--- PROBLEM TO WORK ON ---
Gather every line from the entries below that includes "font".
Start of DATA RECORDS
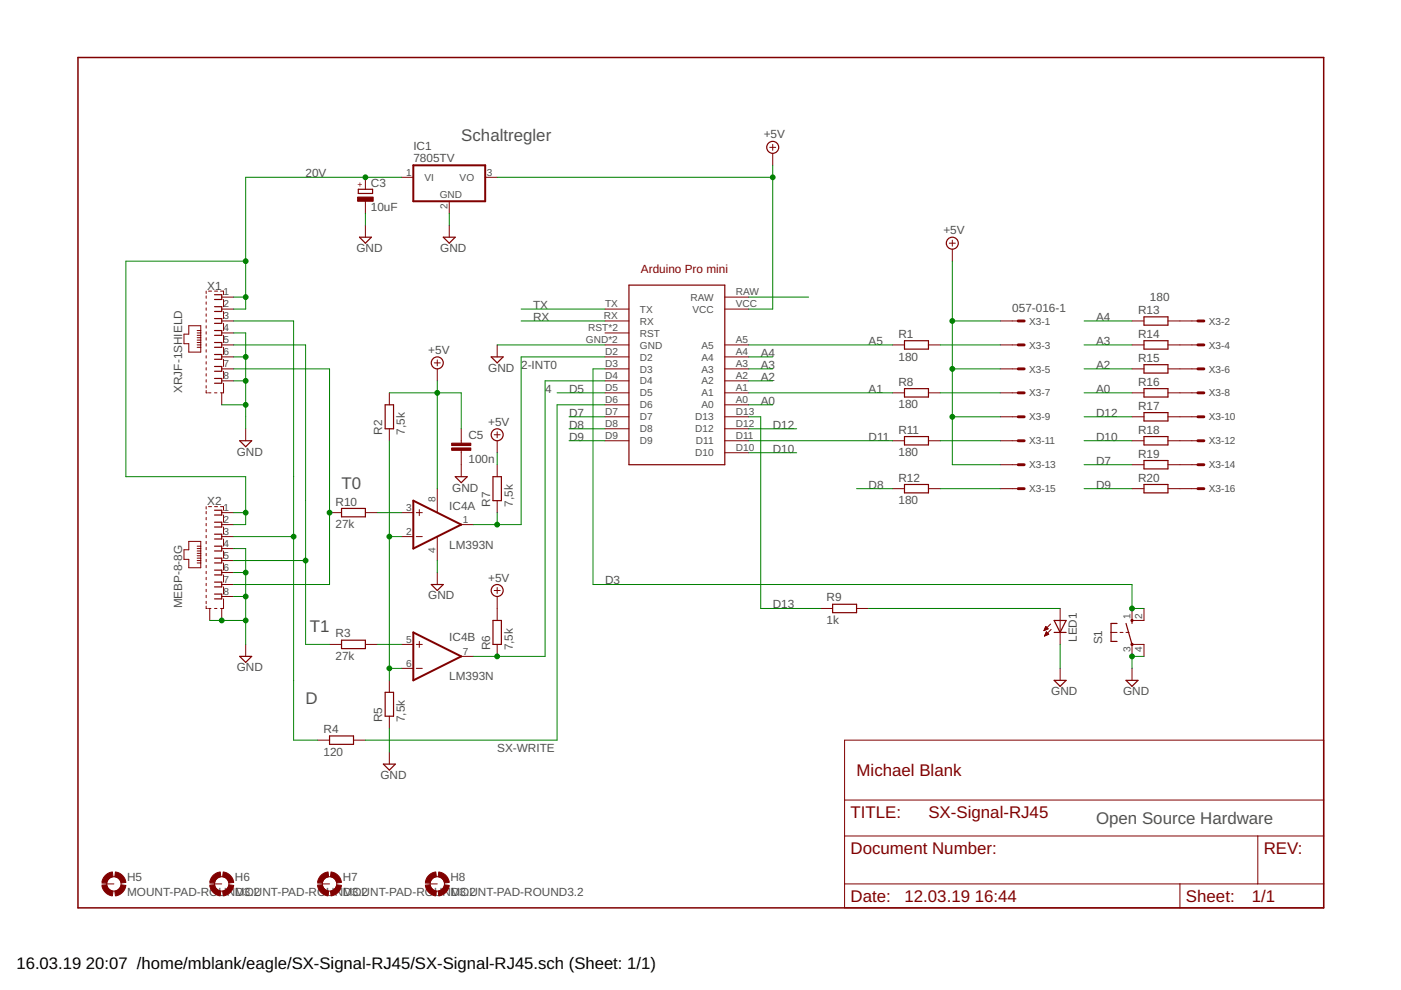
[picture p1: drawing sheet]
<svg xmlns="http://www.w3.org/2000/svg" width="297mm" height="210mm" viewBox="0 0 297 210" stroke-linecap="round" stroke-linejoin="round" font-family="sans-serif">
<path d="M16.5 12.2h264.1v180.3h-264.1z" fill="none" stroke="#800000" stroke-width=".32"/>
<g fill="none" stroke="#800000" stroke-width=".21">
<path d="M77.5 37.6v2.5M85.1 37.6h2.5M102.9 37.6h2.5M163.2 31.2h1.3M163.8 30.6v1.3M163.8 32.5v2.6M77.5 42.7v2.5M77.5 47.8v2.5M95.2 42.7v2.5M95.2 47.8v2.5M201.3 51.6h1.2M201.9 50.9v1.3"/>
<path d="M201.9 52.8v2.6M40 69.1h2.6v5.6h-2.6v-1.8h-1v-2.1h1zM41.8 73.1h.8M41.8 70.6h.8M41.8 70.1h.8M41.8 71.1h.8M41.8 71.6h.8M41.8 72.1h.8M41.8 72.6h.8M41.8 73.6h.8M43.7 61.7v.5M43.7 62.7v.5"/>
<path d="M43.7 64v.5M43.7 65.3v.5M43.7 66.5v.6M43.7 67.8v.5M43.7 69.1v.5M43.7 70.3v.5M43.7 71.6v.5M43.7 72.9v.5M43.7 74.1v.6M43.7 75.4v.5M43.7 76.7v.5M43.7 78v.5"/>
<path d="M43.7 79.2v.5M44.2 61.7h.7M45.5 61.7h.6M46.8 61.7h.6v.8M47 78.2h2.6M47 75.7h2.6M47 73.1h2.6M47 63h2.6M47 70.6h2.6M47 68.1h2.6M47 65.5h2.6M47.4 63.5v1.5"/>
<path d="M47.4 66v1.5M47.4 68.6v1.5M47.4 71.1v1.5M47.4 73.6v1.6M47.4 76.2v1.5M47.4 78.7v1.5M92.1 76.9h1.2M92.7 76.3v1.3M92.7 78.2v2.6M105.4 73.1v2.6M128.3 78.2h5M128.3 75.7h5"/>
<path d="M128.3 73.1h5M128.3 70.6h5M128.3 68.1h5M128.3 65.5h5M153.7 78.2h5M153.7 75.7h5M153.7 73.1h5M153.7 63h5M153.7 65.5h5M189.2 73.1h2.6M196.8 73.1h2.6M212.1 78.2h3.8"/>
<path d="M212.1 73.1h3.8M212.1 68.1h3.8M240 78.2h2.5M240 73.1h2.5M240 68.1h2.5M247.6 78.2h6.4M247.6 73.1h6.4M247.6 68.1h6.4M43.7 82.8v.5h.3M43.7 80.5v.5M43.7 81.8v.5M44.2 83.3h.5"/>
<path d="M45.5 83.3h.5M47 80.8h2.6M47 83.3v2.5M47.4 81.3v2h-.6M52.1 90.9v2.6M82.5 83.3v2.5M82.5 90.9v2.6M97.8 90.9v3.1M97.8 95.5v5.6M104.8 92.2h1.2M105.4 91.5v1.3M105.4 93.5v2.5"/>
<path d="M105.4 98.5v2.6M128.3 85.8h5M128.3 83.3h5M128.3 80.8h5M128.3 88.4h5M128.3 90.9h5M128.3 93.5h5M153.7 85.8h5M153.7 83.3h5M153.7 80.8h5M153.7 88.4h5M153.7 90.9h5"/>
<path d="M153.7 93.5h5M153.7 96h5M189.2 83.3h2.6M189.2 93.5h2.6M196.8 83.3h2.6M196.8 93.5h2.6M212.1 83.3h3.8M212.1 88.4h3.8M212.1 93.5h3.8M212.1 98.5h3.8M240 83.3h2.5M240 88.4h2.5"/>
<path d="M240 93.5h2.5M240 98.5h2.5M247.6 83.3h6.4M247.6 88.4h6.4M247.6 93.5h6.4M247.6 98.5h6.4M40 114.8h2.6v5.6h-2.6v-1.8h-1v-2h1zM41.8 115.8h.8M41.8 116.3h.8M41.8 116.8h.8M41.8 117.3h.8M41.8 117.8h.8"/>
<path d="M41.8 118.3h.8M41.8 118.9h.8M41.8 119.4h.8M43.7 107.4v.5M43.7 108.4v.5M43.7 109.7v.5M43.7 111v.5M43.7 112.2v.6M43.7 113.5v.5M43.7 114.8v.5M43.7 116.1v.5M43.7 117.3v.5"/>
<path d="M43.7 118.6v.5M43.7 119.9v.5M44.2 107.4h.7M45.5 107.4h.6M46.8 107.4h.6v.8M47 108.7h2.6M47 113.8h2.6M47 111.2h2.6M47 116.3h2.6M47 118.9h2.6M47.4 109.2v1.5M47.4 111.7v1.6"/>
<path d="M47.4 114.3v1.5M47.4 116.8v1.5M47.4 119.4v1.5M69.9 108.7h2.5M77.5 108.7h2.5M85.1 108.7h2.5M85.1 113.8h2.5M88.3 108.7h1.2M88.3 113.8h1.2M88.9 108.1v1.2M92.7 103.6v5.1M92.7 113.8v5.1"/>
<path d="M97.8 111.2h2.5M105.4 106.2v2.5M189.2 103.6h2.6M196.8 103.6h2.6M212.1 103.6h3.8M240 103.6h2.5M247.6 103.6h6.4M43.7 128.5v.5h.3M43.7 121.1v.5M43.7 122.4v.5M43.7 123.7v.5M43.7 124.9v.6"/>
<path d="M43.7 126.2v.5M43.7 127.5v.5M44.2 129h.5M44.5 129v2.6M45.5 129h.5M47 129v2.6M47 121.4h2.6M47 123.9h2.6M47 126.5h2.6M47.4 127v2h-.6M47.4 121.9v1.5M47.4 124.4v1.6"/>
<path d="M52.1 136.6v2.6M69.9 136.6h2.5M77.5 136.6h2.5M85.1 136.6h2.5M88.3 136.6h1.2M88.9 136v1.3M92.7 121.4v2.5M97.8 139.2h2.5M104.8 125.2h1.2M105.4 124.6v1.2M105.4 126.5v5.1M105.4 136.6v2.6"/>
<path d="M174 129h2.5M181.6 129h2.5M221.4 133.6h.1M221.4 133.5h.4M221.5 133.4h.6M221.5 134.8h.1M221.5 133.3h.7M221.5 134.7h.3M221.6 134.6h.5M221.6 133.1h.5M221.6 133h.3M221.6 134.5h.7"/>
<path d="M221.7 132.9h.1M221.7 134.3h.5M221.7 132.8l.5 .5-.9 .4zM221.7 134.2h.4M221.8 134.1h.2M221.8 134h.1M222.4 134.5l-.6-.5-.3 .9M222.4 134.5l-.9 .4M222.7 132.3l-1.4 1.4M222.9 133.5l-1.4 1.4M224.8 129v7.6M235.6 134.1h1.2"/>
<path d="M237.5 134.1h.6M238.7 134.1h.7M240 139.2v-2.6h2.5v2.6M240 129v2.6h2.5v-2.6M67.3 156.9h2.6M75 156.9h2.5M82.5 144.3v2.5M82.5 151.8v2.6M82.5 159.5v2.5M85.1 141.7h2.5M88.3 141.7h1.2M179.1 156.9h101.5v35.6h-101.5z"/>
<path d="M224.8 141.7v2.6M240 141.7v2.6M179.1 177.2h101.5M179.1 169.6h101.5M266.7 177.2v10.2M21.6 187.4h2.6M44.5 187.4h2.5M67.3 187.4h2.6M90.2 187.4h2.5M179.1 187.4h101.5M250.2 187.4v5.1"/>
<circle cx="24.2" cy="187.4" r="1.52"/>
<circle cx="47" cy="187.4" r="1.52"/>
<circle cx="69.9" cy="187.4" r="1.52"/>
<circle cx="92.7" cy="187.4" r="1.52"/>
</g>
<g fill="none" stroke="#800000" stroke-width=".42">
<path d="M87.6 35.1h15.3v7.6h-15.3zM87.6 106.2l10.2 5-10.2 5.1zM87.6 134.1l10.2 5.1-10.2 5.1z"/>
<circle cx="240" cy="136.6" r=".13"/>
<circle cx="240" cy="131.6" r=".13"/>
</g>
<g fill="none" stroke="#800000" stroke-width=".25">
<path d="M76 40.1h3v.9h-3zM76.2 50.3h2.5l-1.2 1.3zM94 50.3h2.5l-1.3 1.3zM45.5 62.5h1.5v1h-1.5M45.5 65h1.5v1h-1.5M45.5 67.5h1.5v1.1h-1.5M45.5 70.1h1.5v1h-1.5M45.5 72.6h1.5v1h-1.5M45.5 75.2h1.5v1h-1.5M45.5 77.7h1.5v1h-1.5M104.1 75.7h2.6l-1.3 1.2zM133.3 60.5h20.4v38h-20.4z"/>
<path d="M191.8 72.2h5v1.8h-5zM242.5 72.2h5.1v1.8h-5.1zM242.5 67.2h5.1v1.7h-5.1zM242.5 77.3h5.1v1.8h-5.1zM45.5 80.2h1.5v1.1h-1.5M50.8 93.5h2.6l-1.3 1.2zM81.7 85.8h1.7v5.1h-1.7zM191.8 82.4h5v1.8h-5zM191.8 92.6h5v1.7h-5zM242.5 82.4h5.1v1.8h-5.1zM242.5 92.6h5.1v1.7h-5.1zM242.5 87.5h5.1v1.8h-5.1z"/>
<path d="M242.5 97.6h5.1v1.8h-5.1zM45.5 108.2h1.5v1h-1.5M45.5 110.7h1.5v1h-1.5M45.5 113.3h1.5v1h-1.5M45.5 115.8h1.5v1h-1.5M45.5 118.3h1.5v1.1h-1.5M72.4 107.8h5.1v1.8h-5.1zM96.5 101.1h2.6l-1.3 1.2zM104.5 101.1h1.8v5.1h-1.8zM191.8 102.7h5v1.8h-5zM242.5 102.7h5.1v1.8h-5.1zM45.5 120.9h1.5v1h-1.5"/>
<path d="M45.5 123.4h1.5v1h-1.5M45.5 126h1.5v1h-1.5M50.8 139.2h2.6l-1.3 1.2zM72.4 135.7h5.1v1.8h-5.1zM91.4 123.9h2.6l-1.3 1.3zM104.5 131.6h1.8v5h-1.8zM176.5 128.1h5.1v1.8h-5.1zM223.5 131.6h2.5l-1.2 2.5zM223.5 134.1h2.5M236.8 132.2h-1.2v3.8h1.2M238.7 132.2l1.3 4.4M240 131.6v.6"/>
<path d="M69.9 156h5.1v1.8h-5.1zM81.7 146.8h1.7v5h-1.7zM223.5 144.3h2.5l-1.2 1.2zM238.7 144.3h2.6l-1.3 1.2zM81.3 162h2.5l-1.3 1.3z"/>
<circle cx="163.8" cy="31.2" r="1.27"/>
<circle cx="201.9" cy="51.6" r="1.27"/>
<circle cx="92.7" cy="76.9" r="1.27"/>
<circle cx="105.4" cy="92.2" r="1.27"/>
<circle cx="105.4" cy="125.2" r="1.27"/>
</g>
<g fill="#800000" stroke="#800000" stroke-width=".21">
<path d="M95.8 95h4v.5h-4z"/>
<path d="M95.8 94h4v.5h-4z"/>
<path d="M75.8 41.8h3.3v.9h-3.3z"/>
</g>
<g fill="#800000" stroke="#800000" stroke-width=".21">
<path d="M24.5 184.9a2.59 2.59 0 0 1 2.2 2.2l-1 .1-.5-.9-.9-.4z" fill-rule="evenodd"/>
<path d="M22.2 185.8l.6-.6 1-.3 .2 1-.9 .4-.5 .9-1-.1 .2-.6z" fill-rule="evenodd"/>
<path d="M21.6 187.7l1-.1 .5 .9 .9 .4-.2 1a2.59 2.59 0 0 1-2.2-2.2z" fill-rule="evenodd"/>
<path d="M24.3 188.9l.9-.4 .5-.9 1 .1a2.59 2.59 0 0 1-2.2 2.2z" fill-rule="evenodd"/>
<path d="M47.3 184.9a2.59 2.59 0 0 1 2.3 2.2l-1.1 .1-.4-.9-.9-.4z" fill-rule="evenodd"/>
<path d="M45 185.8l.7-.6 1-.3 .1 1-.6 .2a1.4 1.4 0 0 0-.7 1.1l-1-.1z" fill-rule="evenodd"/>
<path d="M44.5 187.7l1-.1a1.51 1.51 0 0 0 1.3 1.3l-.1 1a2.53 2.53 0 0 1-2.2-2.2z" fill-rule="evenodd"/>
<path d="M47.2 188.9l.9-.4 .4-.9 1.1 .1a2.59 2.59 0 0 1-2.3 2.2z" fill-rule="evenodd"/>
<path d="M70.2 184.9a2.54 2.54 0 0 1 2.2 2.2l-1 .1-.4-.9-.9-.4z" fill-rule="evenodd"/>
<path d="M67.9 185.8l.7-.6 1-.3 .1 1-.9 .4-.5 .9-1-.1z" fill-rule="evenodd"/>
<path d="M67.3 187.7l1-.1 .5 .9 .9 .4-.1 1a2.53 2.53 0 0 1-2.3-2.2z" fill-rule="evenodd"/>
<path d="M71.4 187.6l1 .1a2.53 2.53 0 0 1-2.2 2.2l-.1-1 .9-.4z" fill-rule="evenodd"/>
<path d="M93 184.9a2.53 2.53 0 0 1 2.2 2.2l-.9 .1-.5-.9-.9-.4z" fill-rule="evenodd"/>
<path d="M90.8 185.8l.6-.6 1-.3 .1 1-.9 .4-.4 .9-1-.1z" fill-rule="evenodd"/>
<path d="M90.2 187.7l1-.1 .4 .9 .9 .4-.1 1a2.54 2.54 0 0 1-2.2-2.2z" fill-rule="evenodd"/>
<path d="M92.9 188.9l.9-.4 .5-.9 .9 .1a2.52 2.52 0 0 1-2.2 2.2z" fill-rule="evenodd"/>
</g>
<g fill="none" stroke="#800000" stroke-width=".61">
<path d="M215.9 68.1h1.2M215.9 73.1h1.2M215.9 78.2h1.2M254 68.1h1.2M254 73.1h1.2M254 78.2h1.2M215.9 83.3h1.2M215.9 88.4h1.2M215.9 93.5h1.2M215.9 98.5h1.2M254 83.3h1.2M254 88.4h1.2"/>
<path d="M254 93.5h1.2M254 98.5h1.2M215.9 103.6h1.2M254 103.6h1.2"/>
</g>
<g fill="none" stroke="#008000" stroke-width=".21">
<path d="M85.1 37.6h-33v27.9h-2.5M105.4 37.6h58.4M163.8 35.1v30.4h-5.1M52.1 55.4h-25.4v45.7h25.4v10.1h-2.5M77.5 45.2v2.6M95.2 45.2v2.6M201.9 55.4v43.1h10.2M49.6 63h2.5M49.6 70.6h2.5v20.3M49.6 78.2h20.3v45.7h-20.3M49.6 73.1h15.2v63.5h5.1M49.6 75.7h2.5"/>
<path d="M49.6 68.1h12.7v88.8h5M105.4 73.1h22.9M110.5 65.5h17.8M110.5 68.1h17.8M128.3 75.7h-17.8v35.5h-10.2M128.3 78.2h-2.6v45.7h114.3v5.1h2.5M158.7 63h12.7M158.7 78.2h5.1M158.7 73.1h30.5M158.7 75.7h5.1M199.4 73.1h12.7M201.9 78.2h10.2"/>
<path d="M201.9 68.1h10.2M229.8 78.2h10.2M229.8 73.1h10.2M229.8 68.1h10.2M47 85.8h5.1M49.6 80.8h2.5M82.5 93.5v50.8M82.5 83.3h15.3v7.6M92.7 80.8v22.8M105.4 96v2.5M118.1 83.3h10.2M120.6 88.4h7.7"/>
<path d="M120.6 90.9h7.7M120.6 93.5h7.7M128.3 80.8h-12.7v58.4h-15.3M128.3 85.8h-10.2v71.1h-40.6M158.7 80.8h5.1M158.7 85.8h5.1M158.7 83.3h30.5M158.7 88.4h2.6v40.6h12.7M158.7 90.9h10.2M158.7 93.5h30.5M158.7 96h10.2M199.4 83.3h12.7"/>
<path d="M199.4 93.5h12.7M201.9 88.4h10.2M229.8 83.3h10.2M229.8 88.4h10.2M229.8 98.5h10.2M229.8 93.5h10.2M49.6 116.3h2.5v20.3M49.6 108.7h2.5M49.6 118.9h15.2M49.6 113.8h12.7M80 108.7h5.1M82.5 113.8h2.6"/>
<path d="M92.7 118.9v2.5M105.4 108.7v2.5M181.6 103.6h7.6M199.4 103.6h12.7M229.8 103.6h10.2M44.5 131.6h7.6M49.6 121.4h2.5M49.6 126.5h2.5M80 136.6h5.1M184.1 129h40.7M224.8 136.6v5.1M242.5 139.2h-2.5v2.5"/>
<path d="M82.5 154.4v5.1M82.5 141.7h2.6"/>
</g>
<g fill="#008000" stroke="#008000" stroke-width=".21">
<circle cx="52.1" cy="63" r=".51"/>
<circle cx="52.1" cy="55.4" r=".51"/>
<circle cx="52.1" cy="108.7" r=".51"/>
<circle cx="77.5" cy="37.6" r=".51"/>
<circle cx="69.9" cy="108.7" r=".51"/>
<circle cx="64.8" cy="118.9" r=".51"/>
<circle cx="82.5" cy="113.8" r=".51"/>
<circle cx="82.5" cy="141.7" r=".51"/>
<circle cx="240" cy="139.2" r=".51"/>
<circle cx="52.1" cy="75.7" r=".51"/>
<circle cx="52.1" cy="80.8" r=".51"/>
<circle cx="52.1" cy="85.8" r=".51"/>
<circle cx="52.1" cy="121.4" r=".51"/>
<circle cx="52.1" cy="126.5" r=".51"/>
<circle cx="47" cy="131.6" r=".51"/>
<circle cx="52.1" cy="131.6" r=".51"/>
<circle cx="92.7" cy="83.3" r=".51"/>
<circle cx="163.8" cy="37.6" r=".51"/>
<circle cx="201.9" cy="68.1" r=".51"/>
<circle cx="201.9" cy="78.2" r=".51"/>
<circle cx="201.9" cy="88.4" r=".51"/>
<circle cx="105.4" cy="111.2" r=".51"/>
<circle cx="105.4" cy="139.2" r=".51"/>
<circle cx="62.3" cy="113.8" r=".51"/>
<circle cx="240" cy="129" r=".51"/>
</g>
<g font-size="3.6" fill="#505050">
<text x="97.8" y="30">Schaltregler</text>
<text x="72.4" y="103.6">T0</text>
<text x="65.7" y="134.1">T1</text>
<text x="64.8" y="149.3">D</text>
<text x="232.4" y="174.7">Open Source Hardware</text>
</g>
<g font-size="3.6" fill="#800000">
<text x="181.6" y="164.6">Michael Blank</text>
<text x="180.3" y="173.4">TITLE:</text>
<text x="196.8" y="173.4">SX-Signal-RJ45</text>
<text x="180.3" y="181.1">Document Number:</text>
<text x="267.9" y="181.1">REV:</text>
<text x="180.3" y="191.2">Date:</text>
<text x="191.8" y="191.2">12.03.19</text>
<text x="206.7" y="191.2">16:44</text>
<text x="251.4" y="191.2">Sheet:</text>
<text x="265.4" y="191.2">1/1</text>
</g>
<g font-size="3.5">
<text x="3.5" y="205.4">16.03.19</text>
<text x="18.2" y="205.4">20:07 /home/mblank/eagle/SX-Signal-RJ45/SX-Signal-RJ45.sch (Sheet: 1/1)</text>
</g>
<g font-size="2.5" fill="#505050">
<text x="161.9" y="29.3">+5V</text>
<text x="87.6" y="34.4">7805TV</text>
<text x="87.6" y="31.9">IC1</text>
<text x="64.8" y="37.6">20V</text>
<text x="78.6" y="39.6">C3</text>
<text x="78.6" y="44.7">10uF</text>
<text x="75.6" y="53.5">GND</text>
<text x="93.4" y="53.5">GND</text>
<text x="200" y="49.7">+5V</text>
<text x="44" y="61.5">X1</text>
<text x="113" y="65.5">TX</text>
End of DATA RECORDS
--- WRITTEN ANSWER ---
<svg xmlns="http://www.w3.org/2000/svg" width="297mm" height="210mm" viewBox="0 0 297 210" stroke-linecap="round" stroke-linejoin="round" font-family="sans-serif">
<g font-size="3.6" fill="#505050">
<g font-size="3.6" fill="#800000">
<g font-size="3.5">
<g font-size="2.5" fill="#505050">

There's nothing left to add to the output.